Selain itu, insiden ini juga menyoroti peran media sosial dalam membentuk opini publik. Informasi yang beredar di media sosial dapat dengan cepat memengaruhi persepsi masyarakat terhadap suatu peristiwa. Oleh karena itu, penting bagi semua pihak untuk bijak dalam menggunakan media sosial dan tidak mudah terprovokasi oleh informasi yang belum terverifikasi.
Ke depan, diharapkan aparat kepolisian dapat lebih mengedepankan pendekatan yang humanis dan menghormati hak asasi manusia dalam mengamankan aksi demonstrasi. Penggunaan kekuatan harus menjadi pilihan terakhir dan hanya dilakukan jika benar-benar diperlukan. Selain itu, penting bagi aparat untuk memberikan penjelasan yang transparan dan akuntabel kepada publik terkait tindakan yang mereka lakukan.
Sementara itu, masyarakat sipil juga perlu terus mengawal isu kebebasan berekspresi dan memastikan bahwa hak-hak warga negara dilindungi. Pemantauan terhadap kinerja aparat kepolisian dan advokasi terhadap korban pelanggaran hak asasi manusia merupakan bagian penting dari upaya tersebut.
Insiden perebutan poster di PN Jakarta Selatan ini menjadi pelajaran berharga bagi semua pihak. Dengan memahami hak dan kewajiban masing-masing, diharapkan kejadian serupa tidak terulang di masa depan. Kebebasan berekspresi merupakan pilar penting dalam negara demokrasi. Namun, kebebasan tersebut harus diimbangi dengan tanggung jawab dan kesadaran akan pentingnya menjaga ketertiban umum.
Penting untuk dicatat bahwa kasus Delpedro dan kawan-kawan, serta Khariq Anhar, merupakan isu yang kompleks dan memiliki dimensi hukum serta sosial yang mendalam. Peristiwa demonstrasi yang melibatkan mereka merupakan bagian dari dinamika sosial dan politik yang lebih luas. Oleh karena itu, penanganan terhadap kasus ini harus dilakukan secara hati-hati dan memperhatikan semua aspek yang relevan.

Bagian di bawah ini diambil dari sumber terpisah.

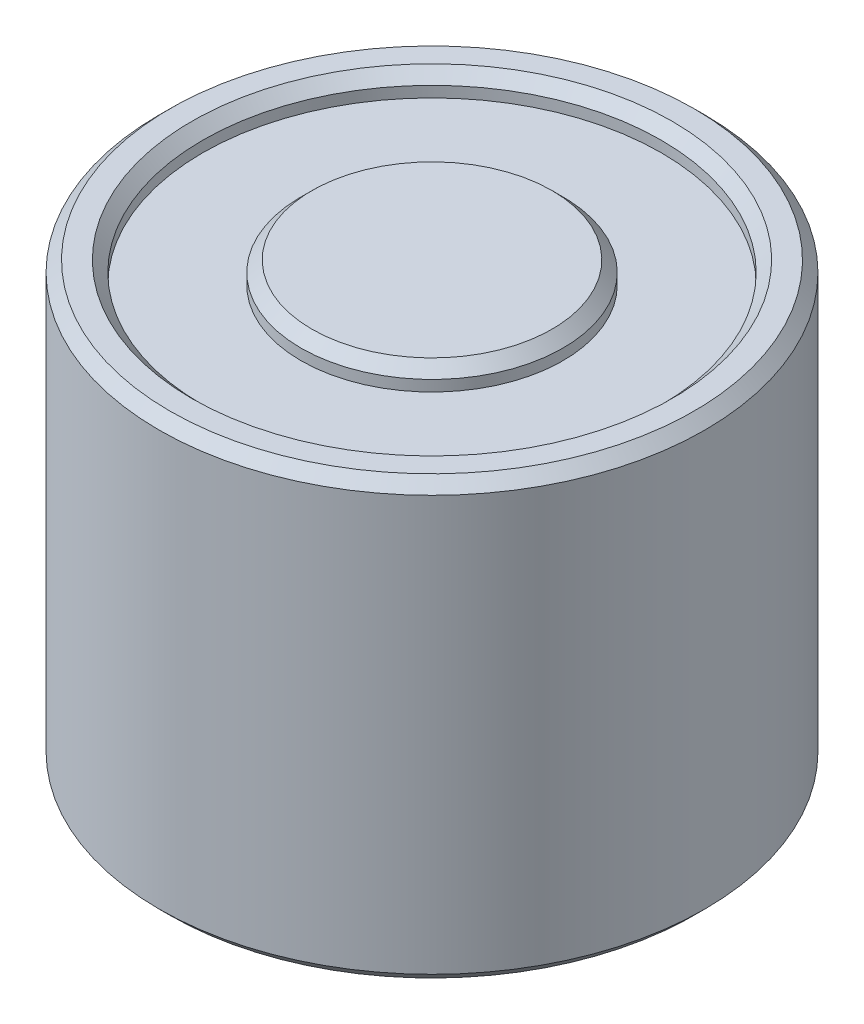
ISO-10303-21;
HEADER;
FILE_DESCRIPTION(('STEP AP214'),'2;1');
FILE_NAME('part.step','',(''),(''),'','','');
FILE_SCHEMA(('AUTOMOTIVE_DESIGN { 1 0 10303 214 1 1 1 1 }'));
ENDSEC;
DATA;
#1=APPLICATION_CONTEXT('core data for automotive mechanical design processes');
#2=APPLICATION_PROTOCOL_DEFINITION('international standard','automotive_design',2000,#1);
#3=PRODUCT_CONTEXT('',#1,'mechanical');
#4=PRODUCT('Part','Part','',(#3));
#5=PRODUCT_RELATED_PRODUCT_CATEGORY('part','',(#4));
#6=PRODUCT_DEFINITION_FORMATION('','',#4);
#7=PRODUCT_DEFINITION_CONTEXT('part definition',#1,'design');
#8=PRODUCT_DEFINITION('design','',#6,#7);
#9=PRODUCT_DEFINITION_SHAPE('','',#8);
#10=(LENGTH_UNIT() NAMED_UNIT(*) SI_UNIT(.MILLI.,.METRE.));
#11=(NAMED_UNIT(*) PLANE_ANGLE_UNIT() SI_UNIT($,.RADIAN.));
#12=(NAMED_UNIT(*) SI_UNIT($,.STERADIAN.) SOLID_ANGLE_UNIT());
#13=UNCERTAINTY_MEASURE_WITH_UNIT(LENGTH_MEASURE(1.E-05),#10,'distance_accuracy_value','');
#14=(GEOMETRIC_REPRESENTATION_CONTEXT(3) GLOBAL_UNCERTAINTY_ASSIGNED_CONTEXT((#13)) GLOBAL_UNIT_ASSIGNED_CONTEXT((#10,
#11,#12)) REPRESENTATION_CONTEXT('',''));
#15=CARTESIAN_POINT('',(0.,0.,0.));
#16=DIRECTION('',(0.,0.,1.));
#17=DIRECTION('',(1.,0.,0.));
#18=AXIS2_PLACEMENT_3D('',#15,#16,#17);
#19=CARTESIAN_POINT('',(0.,20.,0.));
#20=DIRECTION('',(0.,-1.,0.));
#21=DIRECTION('',(0.,0.,-1.));
#22=AXIS2_PLACEMENT_3D('',#19,#20,#21);
#23=CYLINDRICAL_SURFACE('',#22,12.5);
#24=CARTESIAN_POINT('',(0.,0.500000000000004,0.));
#25=DIRECTION('',(0.,1.,0.));
#26=DIRECTION('',(0.,0.,1.));
#27=AXIS2_PLACEMENT_3D('',#24,#25,#26);
#28=CIRCLE('',#27,12.5);
#29=CARTESIAN_POINT('',(0.,0.500000000000004,12.5));
#30=VERTEX_POINT('',#29);
#31=EDGE_CURVE('E53',#30,#30,#28,.T.);
#32=ORIENTED_EDGE('',*,*,#31,.T.);
#33=EDGE_LOOP('',(#32));
#34=FACE_BOUND('',#33,.T.);
#35=CARTESIAN_POINT('',(0.,19.5,0.));
#36=DIRECTION('',(0.,1.,0.));
#37=DIRECTION('',(0.,0.,1.));
#38=AXIS2_PLACEMENT_3D('',#35,#36,#37);
#39=CIRCLE('',#38,12.5);
#40=CARTESIAN_POINT('',(0.,19.5,12.5));
#41=VERTEX_POINT('',#40);
#42=EDGE_CURVE('E58',#41,#41,#39,.F.);
#43=ORIENTED_EDGE('',*,*,#42,.T.);
#44=EDGE_LOOP('',(#43));
#45=FACE_BOUND('',#44,.T.);
#46=ADVANCED_FACE('F37',(#34,#45),#23,.T.);
#47=CARTESIAN_POINT('',(0.,20.,0.));
#48=DIRECTION('',(0.,1.,0.));
#49=DIRECTION('',(0.,0.,1.));
#50=AXIS2_PLACEMENT_3D('',#47,#48,#49);
#51=PLANE('',#50);
#52=CARTESIAN_POINT('',(0.,20.,0.));
#53=DIRECTION('',(0.,1.,0.));
#54=DIRECTION('',(0.,0.,1.));
#55=AXIS2_PLACEMENT_3D('',#52,#53,#54);
#56=CIRCLE('',#55,11.);
#57=CARTESIAN_POINT('',(0.,20.,11.));
#58=VERTEX_POINT('',#57);
#59=EDGE_CURVE('E67',#58,#58,#56,.F.);
#60=ORIENTED_EDGE('',*,*,#59,.T.);
#61=EDGE_LOOP('',(#60));
#62=FACE_BOUND('',#61,.T.);
#63=CARTESIAN_POINT('',(0.,20.,0.));
#64=DIRECTION('',(0.,1.,0.));
#65=DIRECTION('',(0.,0.,1.));
#66=AXIS2_PLACEMENT_3D('',#63,#64,#65);
#67=CIRCLE('',#66,12.);
#68=CARTESIAN_POINT('',(0.,20.,12.));
#69=VERTEX_POINT('',#68);
#70=EDGE_CURVE('E70',#69,#69,#67,.T.);
#71=ORIENTED_EDGE('',*,*,#70,.T.);
#72=EDGE_LOOP('',(#71));
#73=FACE_BOUND('',#72,.T.);
#74=ADVANCED_FACE('F101',(#62,#73),#51,.T.);
#75=CARTESIAN_POINT('',(0.,0.,0.));
#76=DIRECTION('',(0.,1.,0.));
#77=DIRECTION('',(0.,0.,1.));
#78=AXIS2_PLACEMENT_3D('',#75,#76,#77);
#79=PLANE('',#78);
#80=CARTESIAN_POINT('',(0.,0.,0.));
#81=DIRECTION('',(0.,1.,0.));
#82=DIRECTION('',(0.,0.,1.));
#83=AXIS2_PLACEMENT_3D('',#80,#81,#82);
#84=CIRCLE('',#83,3.);
#85=CARTESIAN_POINT('',(0.,0.,3.));
#86=VERTEX_POINT('',#85);
#87=EDGE_CURVE('E10',#86,#86,#84,.T.);
#88=ORIENTED_EDGE('',*,*,#87,.T.);
#89=EDGE_LOOP('',(#88));
#90=FACE_BOUND('',#89,.T.);
#91=CARTESIAN_POINT('',(0.,0.,0.));
#92=DIRECTION('',(0.,1.,0.));
#93=DIRECTION('',(0.,0.,1.));
#94=AXIS2_PLACEMENT_3D('',#91,#92,#93);
#95=CIRCLE('',#94,12.);
#96=CARTESIAN_POINT('',(0.,0.,12.));
#97=VERTEX_POINT('',#96);
#98=EDGE_CURVE('E49',#97,#97,#95,.F.);
#99=ORIENTED_EDGE('',*,*,#98,.T.);
#100=EDGE_LOOP('',(#99));
#101=FACE_BOUND('',#100,.T.);
#102=ADVANCED_FACE('F107',(#90,#101),#79,.F.);
#103=CARTESIAN_POINT('',(0.,19.,0.));
#104=DIRECTION('',(0.,1.,0.));
#105=DIRECTION('',(0.,0.,1.));
#106=AXIS2_PLACEMENT_3D('',#103,#104,#105);
#107=CYLINDRICAL_SURFACE('',#106,10.5);
#108=CARTESIAN_POINT('',(0.,19.5,0.));
#109=DIRECTION('',(0.,1.,0.));
#110=DIRECTION('',(0.,0.,1.));
#111=AXIS2_PLACEMENT_3D('',#108,#109,#110);
#112=CIRCLE('',#111,10.5);
#113=CARTESIAN_POINT('',(0.,19.5,10.5));
#114=VERTEX_POINT('',#113);
#115=EDGE_CURVE('E73',#114,#114,#112,.T.);
#116=ORIENTED_EDGE('',*,*,#115,.T.);
#117=EDGE_LOOP('',(#116));
#118=FACE_BOUND('',#117,.T.);
#119=CARTESIAN_POINT('',(0.,19.,0.));
#120=DIRECTION('',(0.,1.,0.));
#121=DIRECTION('',(0.,0.,1.));
#122=AXIS2_PLACEMENT_3D('',#119,#120,#121);
#123=CIRCLE('',#122,10.5);
#124=CARTESIAN_POINT('',(0.,19.,10.5));
#125=VERTEX_POINT('',#124);
#126=EDGE_CURVE('E76',#125,#125,#123,.T.);
#127=ORIENTED_EDGE('',*,*,#126,.F.);
#128=EDGE_LOOP('',(#127));
#129=FACE_BOUND('',#128,.T.);
#130=ADVANCED_FACE('F145',(#118,#129),#107,.F.);
#131=CARTESIAN_POINT('',(0.,19.,0.));
#132=DIRECTION('',(0.,1.,0.));
#133=DIRECTION('',(0.,0.,1.));
#134=AXIS2_PLACEMENT_3D('',#131,#132,#133);
#135=PLANE('',#134);
#136=CARTESIAN_POINT('',(0.,19.,0.));
#137=DIRECTION('',(0.,1.,0.));
#138=DIRECTION('',(0.,0.,1.));
#139=AXIS2_PLACEMENT_3D('',#136,#137,#138);
#140=CIRCLE('',#139,6.);
#141=CARTESIAN_POINT('',(0.,19.,6.));
#142=VERTEX_POINT('',#141);
#143=EDGE_CURVE('E79',#142,#142,#140,.T.);
#144=ORIENTED_EDGE('',*,*,#143,.F.);
#145=EDGE_LOOP('',(#144));
#146=FACE_BOUND('',#145,.T.);
#147=ORIENTED_EDGE('',*,*,#126,.T.);
#148=EDGE_LOOP('',(#147));
#149=FACE_BOUND('',#148,.T.);
#150=ADVANCED_FACE('F150',(#146,#149),#135,.T.);
#151=CARTESIAN_POINT('',(0.,19.,0.));
#152=DIRECTION('',(0.,1.,0.));
#153=DIRECTION('',(0.,0.,1.));
#154=AXIS2_PLACEMENT_3D('',#151,#152,#153);
#155=CYLINDRICAL_SURFACE('',#154,6.);
#156=CARTESIAN_POINT('',(0.,19.5,0.));
#157=DIRECTION('',(0.,1.,0.));
#158=DIRECTION('',(0.,0.,1.));
#159=AXIS2_PLACEMENT_3D('',#156,#157,#158);
#160=CIRCLE('',#159,6.);
#161=CARTESIAN_POINT('',(0.,19.5,6.));
#162=VERTEX_POINT('',#161);
#163=EDGE_CURVE('E61',#162,#162,#160,.F.);
#164=ORIENTED_EDGE('',*,*,#163,.T.);
#165=EDGE_LOOP('',(#164));
#166=FACE_BOUND('',#165,.T.);
#167=ORIENTED_EDGE('',*,*,#143,.T.);
#168=EDGE_LOOP('',(#167));
#169=FACE_BOUND('',#168,.T.);
#170=ADVANCED_FACE('F157',(#166,#169),#155,.T.);
#171=CARTESIAN_POINT('',(0.,20.,0.));
#172=DIRECTION('',(0.,1.,0.));
#173=DIRECTION('',(0.,0.,1.));
#174=AXIS2_PLACEMENT_3D('',#171,#172,#173);
#175=CIRCLE('',#174,5.5);
#176=CARTESIAN_POINT('',(0.,20.,5.5));
#177=VERTEX_POINT('',#176);
#178=EDGE_CURVE('E64',#177,#177,#175,.T.);
#179=ORIENTED_EDGE('',*,*,#178,.T.);
#180=EDGE_LOOP('',(#179));
#181=FACE_BOUND('',#180,.T.);
#182=ADVANCED_FACE('F110',(#181),#51,.T.);
#183=CARTESIAN_POINT('',(0.,19.5,0.));
#184=DIRECTION('',(0.,1.,0.));
#185=DIRECTION('',(0.,0.,1.));
#186=AXIS2_PLACEMENT_3D('',#183,#184,#185);
#187=CONICAL_SURFACE('',#186,10.5,0.78539816339746);
#188=ORIENTED_EDGE('',*,*,#59,.F.);
#189=EDGE_LOOP('',(#188));
#190=FACE_BOUND('',#189,.T.);
#191=ORIENTED_EDGE('',*,*,#115,.F.);
#192=EDGE_LOOP('',(#191));
#193=FACE_BOUND('',#192,.T.);
#194=ADVANCED_FACE('F115',(#190,#193),#187,.F.);
#195=CARTESIAN_POINT('',(0.,20.,0.));
#196=DIRECTION('',(0.,-1.,0.));
#197=DIRECTION('',(0.,0.,-1.));
#198=AXIS2_PLACEMENT_3D('',#195,#196,#197);
#199=CONICAL_SURFACE('',#198,5.5,0.785398163397444);
#200=ORIENTED_EDGE('',*,*,#163,.F.);
#201=EDGE_LOOP('',(#200));
#202=FACE_BOUND('',#201,.T.);
#203=ORIENTED_EDGE('',*,*,#178,.F.);
#204=EDGE_LOOP('',(#203));
#205=FACE_BOUND('',#204,.T.);
#206=ADVANCED_FACE('F121',(#202,#205),#199,.T.);
#207=CARTESIAN_POINT('',(0.,0.500000000000004,0.));
#208=DIRECTION('',(0.,1.,0.));
#209=DIRECTION('',(0.,0.,1.));
#210=AXIS2_PLACEMENT_3D('',#207,#208,#209);
#211=CONICAL_SURFACE('',#210,12.5,0.785398163397448);
#212=ORIENTED_EDGE('',*,*,#98,.F.);
#213=EDGE_LOOP('',(#212));
#214=FACE_BOUND('',#213,.T.);
#215=ORIENTED_EDGE('',*,*,#31,.F.);
#216=EDGE_LOOP('',(#215));
#217=FACE_BOUND('',#216,.T.);
#218=ADVANCED_FACE('F97',(#214,#217),#211,.T.);
#219=CARTESIAN_POINT('',(0.,20.,0.));
#220=DIRECTION('',(0.,-1.,0.));
#221=DIRECTION('',(0.,0.,-1.));
#222=AXIS2_PLACEMENT_3D('',#219,#220,#221);
#223=CONICAL_SURFACE('',#222,12.,0.785398163397448);
#224=ORIENTED_EDGE('',*,*,#42,.F.);
#225=EDGE_LOOP('',(#224));
#226=FACE_BOUND('',#225,.T.);
#227=ORIENTED_EDGE('',*,*,#70,.F.);
#228=EDGE_LOOP('',(#227));
#229=FACE_BOUND('',#228,.T.);
#230=ADVANCED_FACE('F90',(#226,#229),#223,.T.);
#231=CARTESIAN_POINT('',(0.,12.,0.));
#232=DIRECTION('',(0.,-1.,0.));
#233=DIRECTION('',(0.,0.,-1.));
#234=AXIS2_PLACEMENT_3D('',#231,#232,#233);
#235=CYLINDRICAL_SURFACE('',#234,2.);
#236=CARTESIAN_POINT('',(0.,0.999999999999999,0.));
#237=DIRECTION('',(0.,1.,0.));
#238=DIRECTION('',(0.,0.,1.));
#239=AXIS2_PLACEMENT_3D('',#236,#237,#238);
#240=CIRCLE('',#239,2.);
#241=CARTESIAN_POINT('',(0.,0.999999999999999,2.));
#242=VERTEX_POINT('',#241);
#243=EDGE_CURVE('E45',#242,#242,#240,.F.);
#244=ORIENTED_EDGE('',*,*,#243,.T.);
#245=EDGE_LOOP('',(#244));
#246=FACE_BOUND('',#245,.T.);
#247=CARTESIAN_POINT('',(0.,12.,0.));
#248=DIRECTION('',(0.,-1.,0.));
#249=DIRECTION('',(0.,0.,-1.));
#250=AXIS2_PLACEMENT_3D('',#247,#248,#249);
#251=CIRCLE('',#250,2.);
#252=CARTESIAN_POINT('',(0.,12.,-2.));
#253=VERTEX_POINT('',#252);
#254=EDGE_CURVE('E82',#253,#253,#251,.T.);
#255=ORIENTED_EDGE('',*,*,#254,.F.);
#256=EDGE_LOOP('',(#255));
#257=FACE_BOUND('',#256,.T.);
#258=ADVANCED_FACE('F88',(#246,#257),#235,.F.);
#259=CARTESIAN_POINT('',(0.,12.,0.));
#260=DIRECTION('',(0.,-1.,0.));
#261=DIRECTION('',(0.,0.,-1.));
#262=AXIS2_PLACEMENT_3D('',#259,#260,#261);
#263=PLANE('',#262);
#264=ORIENTED_EDGE('',*,*,#254,.T.);
#265=EDGE_LOOP('',(#264));
#266=FACE_BOUND('',#265,.T.);
#267=ADVANCED_FACE('F86',(#266),#263,.T.);
#268=CARTESIAN_POINT('',(0.,0.999999999999999,0.));
#269=DIRECTION('',(0.,-1.,0.));
#270=DIRECTION('',(0.,0.,-1.));
#271=AXIS2_PLACEMENT_3D('',#268,#269,#270);
#272=CONICAL_SURFACE('',#271,2.,0.78539816339745);
#273=ORIENTED_EDGE('',*,*,#87,.F.);
#274=EDGE_LOOP('',(#273));
#275=FACE_BOUND('',#274,.T.);
#276=ORIENTED_EDGE('',*,*,#243,.F.);
#277=EDGE_LOOP('',(#276));
#278=FACE_BOUND('',#277,.T.);
#279=ADVANCED_FACE('F40',(#275,#278),#272,.F.);
#280=CLOSED_SHELL('',(#46,#74,#102,#130,#150,#170,#182,#194,#206,#218,#230,#258,#267,#279));
#281=MANIFOLD_SOLID_BREP('B2',#280);
#282=ADVANCED_BREP_SHAPE_REPRESENTATION('',(#18,#281),#14);
#283=SHAPE_DEFINITION_REPRESENTATION(#9,#282);
ENDSEC;
END-ISO-10303-21;

Dalam konteks ini, peran media sangat penting dalam memberikan informasi yang akurat dan berimbang kepada publik. Media harus menghindari sensasionalisme dan provokasi, serta mengedepankan prinsip-prinsip jurnalisme yang etis dan bertanggung jawab. Dengan demikian, media dapat membantu masyarakat untuk memahami isu-isu yang kompleks dan mengambil sikap yang bijak.
Akhirnya, insiden perebutan poster di PN Jakarta Selatan ini menjadi momentum untuk merefleksikan kembali tentang nilai-nilai demokrasi, kebebasan berekspresi, dan peran aparat keamanan dalam negara hukum. Dengan dialog yang konstruktif dan komitmen untuk saling menghormati, diharapkan kita dapat membangun masyarakat yang lebih adil, demokratis, dan sejahtera.